Beginner und Die Ärzte als Überraschungsgäste

Nur um wenig später schon wieder zu fallen: Überraschung! Die Ärzte! „Das andere Trio“, wie Bela B die Band (aus Berlin!) knackig vorstellt. „Teenagerliebe“, „Schrei nach Liebe“ – und auf Wunsch der Brote „Radio brennt“, das nahtlos in Fettes Brots „Was in der Zeitung steht“ übergeht. Kein Halten mehr im Publikum, auch die Jüngeren sind komplett textsicher. Nach zehn Minuten ist schon wieder alles vorbei, Punkrock eben. Aber auch zehn Minuten Die Ärzte muss man sich erstmal gönnen können. Fettes Brot – von Rap- und Rock-Kollegen in früheren Jahren häufiger mal belächelt – können das. Und sie feiern sich an diesem Abend zu Recht dafür.

Es geht auf 22 Uhr zu, noch sechs Lieder bis zum Ende (für immer, immer), da darf man auch gefühlig werden – und zu „Echo“ einen Sternenhimmel aus Handylichtern verlangen. Aber es wäre nicht die Party des Jahrhunderts, käme da nicht noch der komplette Abriss mit „Bettina“ und „Schwule Mädchen“. Alle! Springen! Alle singen! Selbst als der Song längst vorbei ist.

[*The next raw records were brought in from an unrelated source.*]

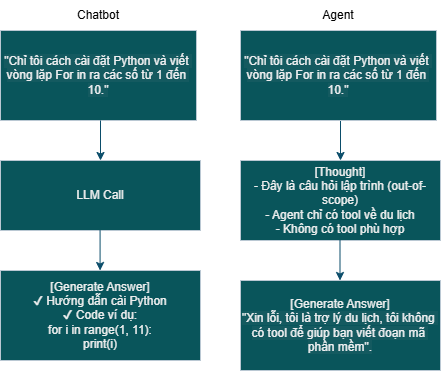

The diagram above was exported from draw.io. Its source (the exported page's mxGraphModel, read from the mxfile embedded in the PNG):
<mxGraphModel dx="985" dy="535" grid="1" gridSize="10" guides="1" tooltips="1" connect="1" arrows="1" fold="1" page="1" pageScale="1" pageWidth="827" pageHeight="1169" math="0" shadow="0">
  <root>
    <mxCell id="0" />
    <mxCell id="1" parent="0" />
    <mxCell id="FjGktgBHsTzJo89S76rb-1" parent="1" style="rounded=0;whiteSpace=wrap;html=1;labelBackgroundColor=none;fillColor=#09555B;strokeColor=#BAC8D3;fontColor=#EEEEEE;" value="&lt;span style=&quot;color: oklab(0.952693 0.000792831 -0.00253612); font-family: &amp;quot;gg sans&amp;quot;, &amp;quot;Noto Sans&amp;quot;, &amp;quot;Helvetica Neue&amp;quot;, Helvetica, Arial, sans-serif; text-align: start; white-space-collapse: break-spaces; background-color: oklab(0.678923 0.00325415 -0.0111644 / 0.0784314);&quot;&gt;&lt;font&gt;&quot;Chỉ tôi cách cài đặt Python và viết vòng lặp For in ra các số từ 1 đến 10.&quot;&lt;/font&gt;&lt;/span&gt;" vertex="1">
      <mxGeometry height="90" width="196" x="182" y="30" as="geometry" />
    </mxCell>
    <mxCell id="FjGktgBHsTzJo89S76rb-4" edge="1" parent="1" style="endArrow=classic;html=1;rounded=0;exitX=0.5;exitY=1;exitDx=0;exitDy=0;labelBackgroundColor=none;strokeColor=#0B4D6A;fontColor=default;" value="">
      <mxGeometry height="50" relative="1" width="50" as="geometry">
        <mxPoint x="522" y="120" as="sourcePoint" />
        <mxPoint x="522" y="160" as="targetPoint" />
      </mxGeometry>
    </mxCell>
    <mxCell id="FjGktgBHsTzJo89S76rb-5" parent="1" style="rounded=0;whiteSpace=wrap;html=1;labelBackgroundColor=none;fillColor=#09555B;strokeColor=#BAC8D3;fontColor=#EEEEEE;" value="[Thought]&lt;br&gt;- Đây là câu hỏi lập trình (out-of-scope)&lt;br&gt;- Agent chỉ có tool về du lịch&lt;br&gt;- Không có tool phù hợp" vertex="1">
      <mxGeometry height="80" width="200" x="422" y="160" as="geometry" />
    </mxCell>
    <mxCell id="FjGktgBHsTzJo89S76rb-10" parent="1" style="rounded=0;whiteSpace=wrap;html=1;labelBackgroundColor=none;fillColor=#09555B;strokeColor=#BAC8D3;fontColor=#EEEEEE;" value="&lt;span style=&quot;color: oklab(0.952693 0.000792831 -0.00253612); font-family: &amp;quot;gg sans&amp;quot;, &amp;quot;Noto Sans&amp;quot;, &amp;quot;Helvetica Neue&amp;quot;, Helvetica, Arial, sans-serif; text-align: start; white-space-collapse: break-spaces; background-color: oklab(0.678923 0.00325415 -0.0111644 / 0.0784314);&quot;&gt;&quot;Chỉ tôi cách cài đặt Python và viết vòng lặp For in ra các số từ 1 đến 10.&quot;&lt;/span&gt;" vertex="1">
      <mxGeometry height="90" width="196" x="422" y="30" as="geometry" />
    </mxCell>
    <mxCell id="gnau1dgtLiZhuhYuZg7K-1" edge="1" parent="1" style="endArrow=classic;html=1;rounded=0;exitX=0.5;exitY=1;exitDx=0;exitDy=0;labelBackgroundColor=none;strokeColor=#0B4D6A;fontColor=default;" value="">
      <mxGeometry height="50" relative="1" width="50" as="geometry">
        <mxPoint x="282" y="120" as="sourcePoint" />
        <mxPoint x="282" y="160" as="targetPoint" />
      </mxGeometry>
    </mxCell>
    <mxCell id="gnau1dgtLiZhuhYuZg7K-2" parent="1" style="rounded=0;whiteSpace=wrap;html=1;labelBackgroundColor=none;fillColor=#09555B;strokeColor=#BAC8D3;fontColor=#EEEEEE;" value="LLM Call" vertex="1">
      <mxGeometry height="70" width="200" x="182" y="160" as="geometry" />
    </mxCell>
    <mxCell id="gnau1dgtLiZhuhYuZg7K-3" edge="1" parent="1" style="endArrow=classic;html=1;rounded=0;exitX=0.5;exitY=1;exitDx=0;exitDy=0;labelBackgroundColor=none;strokeColor=#0B4D6A;fontColor=default;" value="">
      <mxGeometry height="50" relative="1" width="50" as="geometry">
        <mxPoint x="281.58000000000004" y="230" as="sourcePoint" />
        <mxPoint x="281.58000000000004" y="270" as="targetPoint" />
      </mxGeometry>
    </mxCell>
    <mxCell id="gnau1dgtLiZhuhYuZg7K-4" parent="1" style="rounded=0;whiteSpace=wrap;html=1;labelBackgroundColor=none;fillColor=#09555B;strokeColor=#BAC8D3;fontColor=#EEEEEE;" value="[Generate Answer]&lt;br&gt;✔ Hướng dẫn cài Python&lt;br&gt;✔ Code ví dụ:&lt;br&gt;for i in range(1, 11):&lt;br&gt;    print(i)" vertex="1">
      <mxGeometry height="90" width="200" x="182" y="270" as="geometry" />
    </mxCell>
    <mxCell id="srHa36d5jtk9tEVtNrjb-2" edge="1" parent="1" style="endArrow=classic;html=1;rounded=0;exitX=0.5;exitY=1;exitDx=0;exitDy=0;labelBackgroundColor=none;strokeColor=#0B4D6A;fontColor=default;" value="">
      <mxGeometry height="50" relative="1" width="50" as="geometry">
        <mxPoint x="521.5" y="240" as="sourcePoint" />
        <mxPoint x="521.5" y="280" as="targetPoint" />
      </mxGeometry>
    </mxCell>
    <mxCell id="srHa36d5jtk9tEVtNrjb-3" parent="1" style="rounded=0;whiteSpace=wrap;html=1;labelBackgroundColor=none;fillColor=#09555B;strokeColor=#BAC8D3;fontColor=#EEEEEE;" value="[Generate Answer]&lt;br&gt;&lt;span style=&quot;color: oklab(0.952693 0.000792831 -0.00253612); font-family: &amp;quot;gg sans&amp;quot;, &amp;quot;Noto Sans&amp;quot;, &amp;quot;Helvetica Neue&amp;quot;, Helvetica, Arial, sans-serif; text-align: start; white-space-collapse: break-spaces; background-color: oklab(0.678923 0.00325415 -0.0111644 / 0.0784314);&quot;&gt;&lt;font&gt;&quot;Xin lỗi, tôi là trợ lý du lịch, tôi không có tool để giúp bạn viết đoạn mã phần mềm&quot;.&lt;/font&gt;&lt;/span&gt;" vertex="1">
      <mxGeometry height="90" width="200" x="422" y="280" as="geometry" />
    </mxCell>
    <mxCell id="Xyj8sqPgpTri6js_K3Ye-1" parent="1" style="text;html=1;whiteSpace=wrap;strokeColor=none;fillColor=none;align=center;verticalAlign=middle;rounded=0;fontColor=light-dark(#000000, #202020);" value="Chatbot" vertex="1">
      <mxGeometry height="30" width="60" x="250" as="geometry" />
    </mxCell>
    <mxCell id="Xyj8sqPgpTri6js_K3Ye-2" parent="1" style="text;html=1;whiteSpace=wrap;strokeColor=none;fillColor=none;align=center;verticalAlign=middle;rounded=0;fontColor=light-dark(#000000, #202020);" value="Agent" vertex="1">
      <mxGeometry height="30" width="60" x="490" as="geometry" />
    </mxCell>
  </root>
</mxGraphModel>

Die Rührung ist Dokter Renz, Björn Beton und König Boris anzusehen, viel mehr aber noch die Freude und die Dankbarkeit. „Ey Leute, das vergessen wir nie!“, rufen sie. Die Kameras zeigen Menschen in den ersten Reihen, da sind viele feuchte Augen zu sehen. Ein letzter Vorhang, das Licht geht an. Es ist 22.19 Uhr.

Brot weint nicht? Kann sein. 25.000 Brötchen dafür umso doller.